Available data:
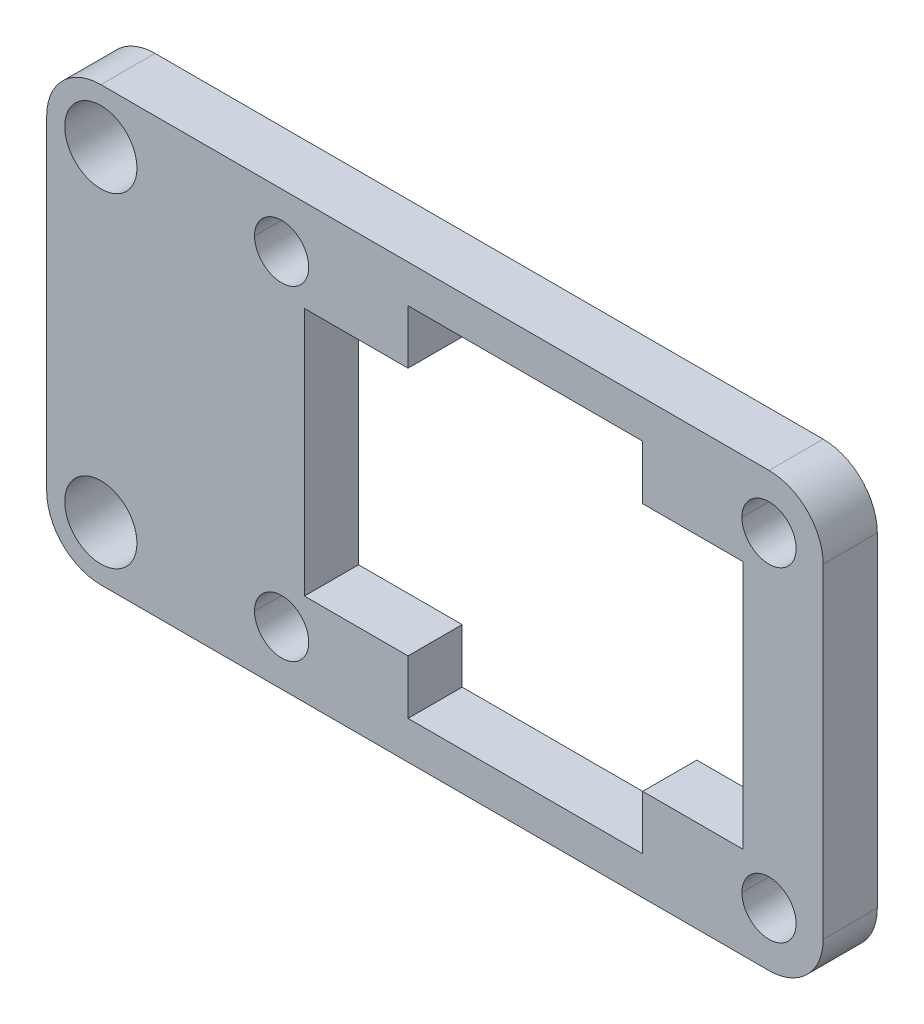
ISO-10303-21;
HEADER;
FILE_DESCRIPTION(('STEP AP214'),'2;1');
FILE_NAME('part.step','',(''),(''),'','','');
FILE_SCHEMA(('AUTOMOTIVE_DESIGN { 1 0 10303 214 1 1 1 1 }'));
ENDSEC;
DATA;
#1=APPLICATION_CONTEXT('core data for automotive mechanical design processes');
#2=APPLICATION_PROTOCOL_DEFINITION('international standard','automotive_design',2000,#1);
#3=PRODUCT_CONTEXT('',#1,'mechanical');
#4=PRODUCT('Part','Part','',(#3));
#5=PRODUCT_RELATED_PRODUCT_CATEGORY('part','',(#4));
#6=PRODUCT_DEFINITION_FORMATION('','',#4);
#7=PRODUCT_DEFINITION_CONTEXT('part definition',#1,'design');
#8=PRODUCT_DEFINITION('design','',#6,#7);
#9=PRODUCT_DEFINITION_SHAPE('','',#8);
#10=(LENGTH_UNIT() NAMED_UNIT(*) SI_UNIT(.MILLI.,.METRE.));
#11=(NAMED_UNIT(*) PLANE_ANGLE_UNIT() SI_UNIT($,.RADIAN.));
#12=(NAMED_UNIT(*) SI_UNIT($,.STERADIAN.) SOLID_ANGLE_UNIT());
#13=UNCERTAINTY_MEASURE_WITH_UNIT(LENGTH_MEASURE(1.E-05),#10,'distance_accuracy_value','');
#14=(GEOMETRIC_REPRESENTATION_CONTEXT(3) GLOBAL_UNCERTAINTY_ASSIGNED_CONTEXT((#13)) GLOBAL_UNIT_ASSIGNED_CONTEXT((#10,
#11,#12)) REPRESENTATION_CONTEXT('',''));
#15=CARTESIAN_POINT('',(0.,0.,0.));
#16=DIRECTION('',(0.,0.,1.));
#17=DIRECTION('',(1.,0.,0.));
#18=AXIS2_PLACEMENT_3D('',#15,#16,#17);
#19=CARTESIAN_POINT('',(63.748376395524,-38.3124718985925,0.));
#20=DIRECTION('',(0.,0.,-1.));
#21=DIRECTION('',(-1.,0.,0.));
#22=AXIS2_PLACEMENT_3D('',#19,#20,#21);
#23=PLANE('',#22);
#24=CARTESIAN_POINT('',(26.7321907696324,-56.3124718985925,0.));
#25=DIRECTION('',(0.,0.,1.));
#26=DIRECTION('',(1.,0.,0.));
#27=AXIS2_PLACEMENT_3D('',#24,#25,#26);
#28=CIRCLE('',#27,2.);
#29=CARTESIAN_POINT('',(28.7321907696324,-56.3124718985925,0.));
#30=VERTEX_POINT('',#29);
#31=EDGE_CURVE('E775',#30,#30,#28,.T.);
#32=ORIENTED_EDGE('',*,*,#31,.T.);
#33=EDGE_LOOP('',(#32));
#34=FACE_BOUND('',#33,.T.);
#35=CARTESIAN_POINT('',(26.7321907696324,-38.3124718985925,0.));
#36=DIRECTION('',(0.,0.,1.));
#37=DIRECTION('',(1.,0.,0.));
#38=AXIS2_PLACEMENT_3D('',#35,#36,#37);
#39=CIRCLE('',#38,2.);
#40=CARTESIAN_POINT('',(28.7321907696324,-38.3124718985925,0.));
#41=VERTEX_POINT('',#40);
#42=EDGE_CURVE('E261',#41,#41,#39,.T.);
#43=ORIENTED_EDGE('',*,*,#42,.T.);
#44=EDGE_LOOP('',(#43));
#45=FACE_BOUND('',#44,.T.);
#46=CARTESIAN_POINT('',(36.748376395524,-38.3124718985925,0.));
#47=DIRECTION('',(0.,0.,-1.));
#48=DIRECTION('',(-1.,0.,0.));
#49=AXIS2_PLACEMENT_3D('',#46,#47,#48);
#50=CIRCLE('',#49,1.5);
#51=CARTESIAN_POINT('',(35.248376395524,-38.3124718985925,0.));
#52=VERTEX_POINT('',#51);
#53=CARTESIAN_POINT('',(38.248376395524,-38.3124718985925,0.));
#54=VERTEX_POINT('',#53);
#55=EDGE_CURVE('E384',#52,#54,#50,.F.);
#56=ORIENTED_EDGE('',*,*,#55,.T.);
#57=CARTESIAN_POINT('',(36.748376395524,-38.3124718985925,0.));
#58=DIRECTION('',(0.,0.,-1.));
#59=DIRECTION('',(-1.,0.,0.));
#60=AXIS2_PLACEMENT_3D('',#57,#58,#59);
#61=CIRCLE('',#60,1.5);
#62=EDGE_CURVE('E33',#54,#52,#61,.F.);
#63=ORIENTED_EDGE('',*,*,#62,.T.);
#64=EDGE_LOOP('',(#56,#63));
#65=FACE_BOUND('',#64,.T.);
#66=CARTESIAN_POINT('',(63.748376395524,-56.3124718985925,0.));
#67=DIRECTION('',(0.,0.,-1.));
#68=DIRECTION('',(-1.,0.,0.));
#69=AXIS2_PLACEMENT_3D('',#66,#67,#68);
#70=CIRCLE('',#69,1.49999999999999);
#71=CARTESIAN_POINT('',(62.248376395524,-56.3124718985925,0.));
#72=VERTEX_POINT('',#71);
#73=CARTESIAN_POINT('',(65.248376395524,-56.3124718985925,0.));
#74=VERTEX_POINT('',#73);
#75=EDGE_CURVE('E376',#72,#74,#70,.F.);
#76=ORIENTED_EDGE('',*,*,#75,.T.);
#77=CARTESIAN_POINT('',(63.748376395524,-56.3124718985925,0.));
#78=DIRECTION('',(0.,0.,-1.));
#79=DIRECTION('',(-1.,0.,0.));
#80=AXIS2_PLACEMENT_3D('',#77,#78,#79);
#81=CIRCLE('',#80,1.49999999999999);
#82=EDGE_CURVE('E380',#74,#72,#81,.F.);
#83=ORIENTED_EDGE('',*,*,#82,.T.);
#84=EDGE_LOOP('',(#76,#83));
#85=FACE_BOUND('',#84,.T.);
#86=CARTESIAN_POINT('',(26.7321907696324,-38.3124718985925,0.));
#87=DIRECTION('',(0.,0.,-1.));
#88=DIRECTION('',(-1.,0.,0.));
#89=AXIS2_PLACEMENT_3D('',#86,#87,#88);
#90=CIRCLE('',#89,3.);
#91=CARTESIAN_POINT('',(26.7321907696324,-35.3124718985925,0.));
#92=VERTEX_POINT('',#91);
#93=CARTESIAN_POINT('',(23.7321907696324,-38.3124718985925,0.));
#94=VERTEX_POINT('',#93);
#95=EDGE_CURVE('E357',#92,#94,#90,.F.);
#96=ORIENTED_EDGE('',*,*,#95,.F.);
#97=DIRECTION('',(1.,0.,0.));
#98=VECTOR('',#97,1.);
#99=CARTESIAN_POINT('',(26.7321907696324,-35.3124718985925,0.));
#100=LINE('',#99,#98);
#101=CARTESIAN_POINT('',(63.748376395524,-35.3124718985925,0.));
#102=VERTEX_POINT('',#101);
#103=EDGE_CURVE('E354',#92,#102,#100,.T.);
#104=ORIENTED_EDGE('',*,*,#103,.T.);
#105=CARTESIAN_POINT('',(63.748376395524,-38.3124718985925,0.));
#106=DIRECTION('',(0.,0.,-1.));
#107=DIRECTION('',(-1.,0.,0.));
#108=AXIS2_PLACEMENT_3D('',#105,#106,#107);
#109=CIRCLE('',#108,3.);
#110=CARTESIAN_POINT('',(66.748376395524,-38.3124718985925,0.));
#111=VERTEX_POINT('',#110);
#112=EDGE_CURVE('E348',#111,#102,#109,.F.);
#113=ORIENTED_EDGE('',*,*,#112,.F.);
#114=DIRECTION('',(0.,-1.,0.));
#115=VECTOR('',#114,1.);
#116=CARTESIAN_POINT('',(66.748376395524,-38.3124718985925,0.));
#117=LINE('',#116,#115);
#118=CARTESIAN_POINT('',(66.748376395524,-56.3124718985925,0.));
#119=VERTEX_POINT('',#118);
#120=EDGE_CURVE('E375',#111,#119,#117,.T.);
#121=ORIENTED_EDGE('',*,*,#120,.T.);
#122=CARTESIAN_POINT('',(63.748376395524,-56.3124718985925,0.));
#123=DIRECTION('',(0.,0.,-1.));
#124=DIRECTION('',(-1.,0.,0.));
#125=AXIS2_PLACEMENT_3D('',#122,#123,#124);
#126=CIRCLE('',#125,3.);
#127=CARTESIAN_POINT('',(63.748376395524,-59.3124718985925,0.));
#128=VERTEX_POINT('',#127);
#129=EDGE_CURVE('E371',#128,#119,#126,.F.);
#130=ORIENTED_EDGE('',*,*,#129,.F.);
#131=DIRECTION('',(1.,0.,0.));
#132=VECTOR('',#131,1.);
#133=CARTESIAN_POINT('',(26.7321907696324,-59.3124718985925,0.));
#134=LINE('',#133,#132);
#135=CARTESIAN_POINT('',(26.7321907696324,-59.3124718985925,0.));
#136=VERTEX_POINT('',#135);
#137=EDGE_CURVE('E368',#128,#136,#134,.F.);
#138=ORIENTED_EDGE('',*,*,#137,.T.);
#139=CARTESIAN_POINT('',(26.7321907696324,-56.3124718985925,0.));
#140=DIRECTION('',(0.,0.,-1.));
#141=DIRECTION('',(-1.,0.,0.));
#142=AXIS2_PLACEMENT_3D('',#139,#140,#141);
#143=CIRCLE('',#142,3.);
#144=CARTESIAN_POINT('',(23.7321907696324,-56.3124718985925,0.));
#145=VERTEX_POINT('',#144);
#146=EDGE_CURVE('E364',#145,#136,#143,.F.);
#147=ORIENTED_EDGE('',*,*,#146,.F.);
#148=DIRECTION('',(0.,1.,0.));
#149=VECTOR('',#148,1.);
#150=CARTESIAN_POINT('',(23.7321907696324,-38.3124718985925,0.));
#151=LINE('',#150,#149);
#152=EDGE_CURVE('E361',#145,#94,#151,.T.);
#153=ORIENTED_EDGE('',*,*,#152,.T.);
#154=EDGE_LOOP('',(#96,#104,#113,#121,#130,#138,#147,#153));
#155=FACE_BOUND('',#154,.T.);
#156=CARTESIAN_POINT('',(63.748376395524,-38.3124718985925,0.));
#157=DIRECTION('',(0.,0.,-1.));
#158=DIRECTION('',(-1.,0.,0.));
#159=AXIS2_PLACEMENT_3D('',#156,#157,#158);
#160=CIRCLE('',#159,1.49999999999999);
#161=CARTESIAN_POINT('',(62.248376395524,-38.3124718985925,0.));
#162=VERTEX_POINT('',#161);
#163=CARTESIAN_POINT('',(65.248376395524,-38.3124718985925,0.));
#164=VERTEX_POINT('',#163);
#165=EDGE_CURVE('E340',#162,#164,#160,.F.);
#166=ORIENTED_EDGE('',*,*,#165,.T.);
#167=CARTESIAN_POINT('',(63.748376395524,-38.3124718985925,0.));
#168=DIRECTION('',(0.,0.,-1.));
#169=DIRECTION('',(-1.,0.,0.));
#170=AXIS2_PLACEMENT_3D('',#167,#168,#169);
#171=CIRCLE('',#170,1.49999999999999);
#172=EDGE_CURVE('E344',#164,#162,#171,.F.);
#173=ORIENTED_EDGE('',*,*,#172,.T.);
#174=EDGE_LOOP('',(#166,#173));
#175=FACE_BOUND('',#174,.T.);
#176=CARTESIAN_POINT('',(36.748376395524,-56.3124718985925,0.));
#177=DIRECTION('',(0.,0.,-1.));
#178=DIRECTION('',(-1.,0.,0.));
#179=AXIS2_PLACEMENT_3D('',#176,#177,#178);
#180=CIRCLE('',#179,1.5);
#181=CARTESIAN_POINT('',(35.248376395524,-56.3124718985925,0.));
#182=VERTEX_POINT('',#181);
#183=CARTESIAN_POINT('',(38.248376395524,-56.3124718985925,0.));
#184=VERTEX_POINT('',#183);
#185=EDGE_CURVE('E332',#182,#184,#180,.F.);
#186=ORIENTED_EDGE('',*,*,#185,.T.);
#187=CARTESIAN_POINT('',(36.748376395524,-56.3124718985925,0.));
#188=DIRECTION('',(0.,0.,-1.));
#189=DIRECTION('',(-1.,0.,0.));
#190=AXIS2_PLACEMENT_3D('',#187,#188,#189);
#191=CIRCLE('',#190,1.5);
#192=EDGE_CURVE('E336',#184,#182,#191,.F.);
#193=ORIENTED_EDGE('',*,*,#192,.T.);
#194=EDGE_LOOP('',(#186,#193));
#195=FACE_BOUND('',#194,.T.);
#196=DIRECTION('',(-1.,0.,0.));
#197=VECTOR('',#196,1.);
#198=CARTESIAN_POINT('',(38.01,-40.41,0.));
#199=LINE('',#198,#197);
#200=CARTESIAN_POINT('',(43.75,-40.41,0.));
#201=VERTEX_POINT('',#200);
#202=CARTESIAN_POINT('',(38.01,-40.41,0.));
#203=VERTEX_POINT('',#202);
#204=EDGE_CURVE('E225',#201,#203,#199,.T.);
#205=ORIENTED_EDGE('',*,*,#204,.T.);
#206=DIRECTION('',(0.,-1.,0.));
#207=VECTOR('',#206,1.);
#208=CARTESIAN_POINT('',(38.01,-40.41,0.));
#209=LINE('',#208,#207);
#210=CARTESIAN_POINT('',(38.01,-54.21,0.));
#211=VERTEX_POINT('',#210);
#212=EDGE_CURVE('E46',#203,#211,#209,.T.);
#213=ORIENTED_EDGE('',*,*,#212,.T.);
#214=DIRECTION('',(1.,0.,0.));
#215=VECTOR('',#214,1.);
#216=CARTESIAN_POINT('',(43.75,-54.21,0.));
#217=LINE('',#216,#215);
#218=CARTESIAN_POINT('',(43.75,-54.21,0.));
#219=VERTEX_POINT('',#218);
#220=EDGE_CURVE('E231',#211,#219,#217,.T.);
#221=ORIENTED_EDGE('',*,*,#220,.T.);
#222=DIRECTION('',(0.,-1.,0.));
#223=VECTOR('',#222,1.);
#224=CARTESIAN_POINT('',(43.75,-54.21,0.));
#225=LINE('',#224,#223);
#226=CARTESIAN_POINT('',(43.75,-57.21,0.));
#227=VERTEX_POINT('',#226);
#228=EDGE_CURVE('E263',#219,#227,#225,.T.);
#229=ORIENTED_EDGE('',*,*,#228,.T.);
#230=DIRECTION('',(1.,0.,0.));
#231=VECTOR('',#230,1.);
#232=CARTESIAN_POINT('',(56.7500000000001,-57.21,0.));
#233=LINE('',#232,#231);
#234=CARTESIAN_POINT('',(56.7500000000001,-57.21,0.));
#235=VERTEX_POINT('',#234);
#236=EDGE_CURVE('E266',#227,#235,#233,.T.);
#237=ORIENTED_EDGE('',*,*,#236,.T.);
#238=DIRECTION('',(0.,1.,0.));
#239=VECTOR('',#238,1.);
#240=CARTESIAN_POINT('',(56.7500000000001,-54.21,0.));
#241=LINE('',#240,#239);
#242=CARTESIAN_POINT('',(56.7500000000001,-54.21,0.));
#243=VERTEX_POINT('',#242);
#244=EDGE_CURVE('E269',#235,#243,#241,.T.);
#245=ORIENTED_EDGE('',*,*,#244,.T.);
#246=DIRECTION('',(1.,0.,0.));
#247=VECTOR('',#246,1.);
#248=CARTESIAN_POINT('',(62.31,-54.21,0.));
#249=LINE('',#248,#247);
#250=CARTESIAN_POINT('',(62.31,-54.21,0.));
#251=VERTEX_POINT('',#250);
#252=EDGE_CURVE('E272',#243,#251,#249,.T.);
#253=ORIENTED_EDGE('',*,*,#252,.T.);
#254=DIRECTION('',(0.,1.,0.));
#255=VECTOR('',#254,1.);
#256=CARTESIAN_POINT('',(62.31,-40.41,0.));
#257=LINE('',#256,#255);
#258=CARTESIAN_POINT('',(62.31,-40.41,0.));
#259=VERTEX_POINT('',#258);
#260=EDGE_CURVE('E275',#251,#259,#257,.T.);
#261=ORIENTED_EDGE('',*,*,#260,.T.);
#262=DIRECTION('',(-1.,0.,0.));
#263=VECTOR('',#262,1.);
#264=CARTESIAN_POINT('',(56.75,-40.41,0.));
#265=LINE('',#264,#263);
#266=CARTESIAN_POINT('',(56.75,-40.41,0.));
#267=VERTEX_POINT('',#266);
#268=EDGE_CURVE('E278',#259,#267,#265,.T.);
#269=ORIENTED_EDGE('',*,*,#268,.T.);
#270=DIRECTION('',(0.,1.,0.));
#271=VECTOR('',#270,1.);
#272=CARTESIAN_POINT('',(56.75,-40.41,0.));
#273=LINE('',#272,#271);
#274=CARTESIAN_POINT('',(56.75,-37.41,0.));
#275=VERTEX_POINT('',#274);
#276=EDGE_CURVE('E281',#267,#275,#273,.T.);
#277=ORIENTED_EDGE('',*,*,#276,.T.);
#278=DIRECTION('',(-1.,0.,0.));
#279=VECTOR('',#278,1.);
#280=CARTESIAN_POINT('',(43.75,-37.41,0.));
#281=LINE('',#280,#279);
#282=CARTESIAN_POINT('',(43.75,-37.41,0.));
#283=VERTEX_POINT('',#282);
#284=EDGE_CURVE('E284',#275,#283,#281,.T.);
#285=ORIENTED_EDGE('',*,*,#284,.T.);
#286=DIRECTION('',(0.,-1.,0.));
#287=VECTOR('',#286,1.);
#288=CARTESIAN_POINT('',(43.75,-40.41,0.));
#289=LINE('',#288,#287);
#290=EDGE_CURVE('E287',#283,#201,#289,.T.);
#291=ORIENTED_EDGE('',*,*,#290,.T.);
#292=EDGE_LOOP('',(#205,#213,#221,#229,#237,#245,#253,#261,#269,#277,#285,#291));
#293=FACE_BOUND('',#292,.T.);
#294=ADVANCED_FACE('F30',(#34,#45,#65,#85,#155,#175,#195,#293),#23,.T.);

Directions: In the listing above, locate the line containing "#92=VERTEX_POINT('',#91);" and the line containing "#100=LINE('',#99,#98);", then transcribe both and every line between them verbatim.

Output below:
#92=VERTEX_POINT('',#91);
#93=CARTESIAN_POINT('',(23.7321907696324,-38.3124718985925,0.));
#94=VERTEX_POINT('',#93);
#95=EDGE_CURVE('E357',#92,#94,#90,.F.);
#96=ORIENTED_EDGE('',*,*,#95,.F.);
#97=DIRECTION('',(1.,0.,0.));
#98=VECTOR('',#97,1.);
#99=CARTESIAN_POINT('',(26.7321907696324,-35.3124718985925,0.));
#100=LINE('',#99,#98);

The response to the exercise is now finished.